Нужно было остановиться и оставить птицу в покое. Но я никак не мог понять, что за существо явилось мне. Да и азарт какой-то проснулся. Что ж она не улетает насовсем? Подальше? Вон, вороны улетели и не видать их. Дразнится она, что ли?

И в один из моментов, не совсем понимая, что и зачем, следуя какому-то невнятному посылу – сейчас я ей всыплю! – вскинул свой самопал.

И – выстрелил.

Тут же что-то ударило: не надо было!»

- Про грехи. История с самострелом и птицей – реальная?

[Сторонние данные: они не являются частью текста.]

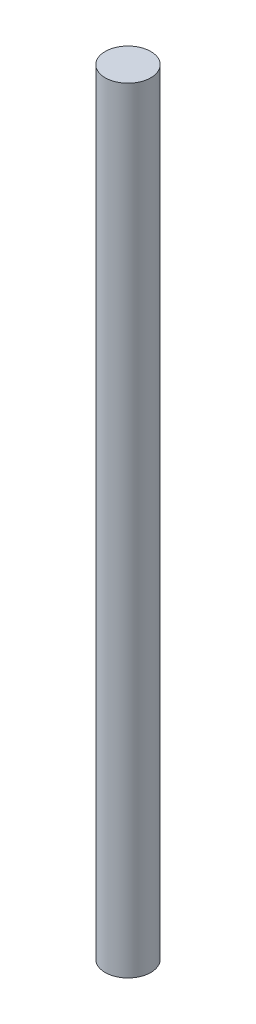
ISO-10303-21;
HEADER;
FILE_DESCRIPTION(('STEP AP214'),'2;1');
FILE_NAME('part.step','',(''),(''),'','','');
FILE_SCHEMA(('AUTOMOTIVE_DESIGN { 1 0 10303 214 1 1 1 1 }'));
ENDSEC;
DATA;
#1=APPLICATION_CONTEXT('core data for automotive mechanical design processes');
#2=APPLICATION_PROTOCOL_DEFINITION('international standard','automotive_design',2000,#1);
#3=PRODUCT_CONTEXT('',#1,'mechanical');
#4=PRODUCT('Part','Part','',(#3));
#5=PRODUCT_RELATED_PRODUCT_CATEGORY('part','',(#4));
#6=PRODUCT_DEFINITION_FORMATION('','',#4);
#7=PRODUCT_DEFINITION_CONTEXT('part definition',#1,'design');
#8=PRODUCT_DEFINITION('design','',#6,#7);
#9=PRODUCT_DEFINITION_SHAPE('','',#8);
#10=(LENGTH_UNIT() NAMED_UNIT(*) SI_UNIT(.MILLI.,.METRE.));
#11=(NAMED_UNIT(*) PLANE_ANGLE_UNIT() SI_UNIT($,.RADIAN.));
#12=(NAMED_UNIT(*) SI_UNIT($,.STERADIAN.) SOLID_ANGLE_UNIT());
#13=UNCERTAINTY_MEASURE_WITH_UNIT(LENGTH_MEASURE(1.E-05),#10,'distance_accuracy_value','');
#14=(GEOMETRIC_REPRESENTATION_CONTEXT(3) GLOBAL_UNCERTAINTY_ASSIGNED_CONTEXT((#13)) GLOBAL_UNIT_ASSIGNED_CONTEXT((#10,
#11,#12)) REPRESENTATION_CONTEXT('',''));
#15=CARTESIAN_POINT('',(0.,0.,0.));
#16=DIRECTION('',(0.,0.,1.));
#17=DIRECTION('',(1.,0.,0.));
#18=AXIS2_PLACEMENT_3D('',#15,#16,#17);
#19=CARTESIAN_POINT('',(0.,170.,0.));
#20=DIRECTION('',(0.,-1.,0.));
#21=DIRECTION('',(0.,0.,-1.));
#22=AXIS2_PLACEMENT_3D('',#19,#20,#21);
#23=CYLINDRICAL_SURFACE('',#22,5.);
#24=CARTESIAN_POINT('',(0.,170.,0.));
#25=DIRECTION('',(0.,1.,0.));
#26=DIRECTION('',(0.,0.,1.));
#27=AXIS2_PLACEMENT_3D('',#24,#25,#26);
#28=CIRCLE('',#27,5.);
#29=CARTESIAN_POINT('',(0.,170.,5.));
#30=VERTEX_POINT('',#29);
#31=EDGE_CURVE('E10',#30,#30,#28,.T.);
#32=ORIENTED_EDGE('',*,*,#31,.F.);
#33=EDGE_LOOP('',(#32));
#34=FACE_BOUND('',#33,.T.);
#35=CARTESIAN_POINT('',(0.,0.,0.));
#36=DIRECTION('',(0.,1.,0.));
#37=DIRECTION('',(0.,0.,1.));
#38=AXIS2_PLACEMENT_3D('',#35,#36,#37);
#39=CIRCLE('',#38,5.);
#40=CARTESIAN_POINT('',(0.,0.,5.));
#41=VERTEX_POINT('',#40);
#42=EDGE_CURVE('E42',#41,#41,#39,.T.);
#43=ORIENTED_EDGE('',*,*,#42,.T.);
#44=EDGE_LOOP('',(#43));
#45=FACE_BOUND('',#44,.T.);
#46=ADVANCED_FACE('F39',(#34,#45),#23,.T.);
#47=CARTESIAN_POINT('',(0.,170.,0.));
#48=DIRECTION('',(0.,1.,0.));
#49=DIRECTION('',(0.,0.,1.));
#50=AXIS2_PLACEMENT_3D('',#47,#48,#49);
#51=PLANE('',#50);
#52=ORIENTED_EDGE('',*,*,#31,.T.);
#53=EDGE_LOOP('',(#52));
#54=FACE_BOUND('',#53,.T.);
#55=ADVANCED_FACE('F56',(#54),#51,.T.);
#56=CARTESIAN_POINT('',(0.,0.,0.));
#57=DIRECTION('',(0.,1.,0.));
#58=DIRECTION('',(0.,0.,1.));
#59=AXIS2_PLACEMENT_3D('',#56,#57,#58);
#60=PLANE('',#59);
#61=ORIENTED_EDGE('',*,*,#42,.F.);
#62=EDGE_LOOP('',(#61));
#63=FACE_BOUND('',#62,.T.);
#64=ADVANCED_FACE('F54',(#63),#60,.F.);
#65=CLOSED_SHELL('',(#46,#55,#64));
#66=MANIFOLD_SOLID_BREP('B2',#65);
#67=ADVANCED_BREP_SHAPE_REPRESENTATION('',(#18,#66),#14);
#68=SHAPE_DEFINITION_REPRESENTATION(#9,#67);
ENDSEC;
END-ISO-10303-21;

- Абсолютно! Причем здесь все, до последнего, реальное. Я до сих пор не знаю, как называется эта птица. Это на самом деле было в жизни, но Леню звали не Леня, а по-другому, и все описанные в этом рассказе события происходили на самом деле, но не в той последовательности. И это я убил птицу, и это было единственное в жизни мое убийство живого существа, и с тех пор я никогда в жизни ни в кого не стрелял. В жизни там было продолжение этой истории. Я очень долго делал этот самопал, и он получился как немецкий автомат – я приспособил две ручки к этому австрийскому стволу. И я на самом деле утопил его в выгребной яме, хотя стрелял в птицу на самом деле я из ружья, ног утопил самопал в связи с этой птицей. Мой отец, фронтовик, купил одностволку, чтобы осенью ходить на зайцев и на лис, и она висела в хате. Я взял его и патрон и пошел. А самопал я утопил еще и в связи с другими событиями. Помимо того, что женщины ругались из-за него, как и описано в рассказе, мы ходили с ним и просто по мишеням стреляли, и однажды на шоссе я выстрелил из него в дорожный знак. А дорожные знаки тогда делались из стали, достаточно толстой, около 2,5 мм. Я зарядил свой самопал куском болта, и шагов с 15-ти прострелил этот знак. И после этого я призадумался, куда можно попасть – это же не дай Боже! И сразу после этого я его и утопил. Но у меня был тогда младший брат лет 13-14-ти, Валентин, очень ушлый пацан, хитрющий. И по прошествии какого-то времени, он рассказывал, что почти год спустя, когда я куда-то уезжал, он при помощи крюков вытащил его и снова стал из него стрелять. Но убийство птицы на самом деле было для шоком. Потом, когда мы стреляли в школе, и когда я уже учителем работал, у меня были две «мелкашки» - маленькая тозовка охотничья и спортивная винтовка. И я всегда, когда шел в лес, брал винтовку, но стрелял по шишкам и прочему, и никогда – по птицам и живым мишеням. А тогда… Я тогда уже хорошо стрелял. Я прицелился и выстрелил, она упала. Я подбежал – у меня шок.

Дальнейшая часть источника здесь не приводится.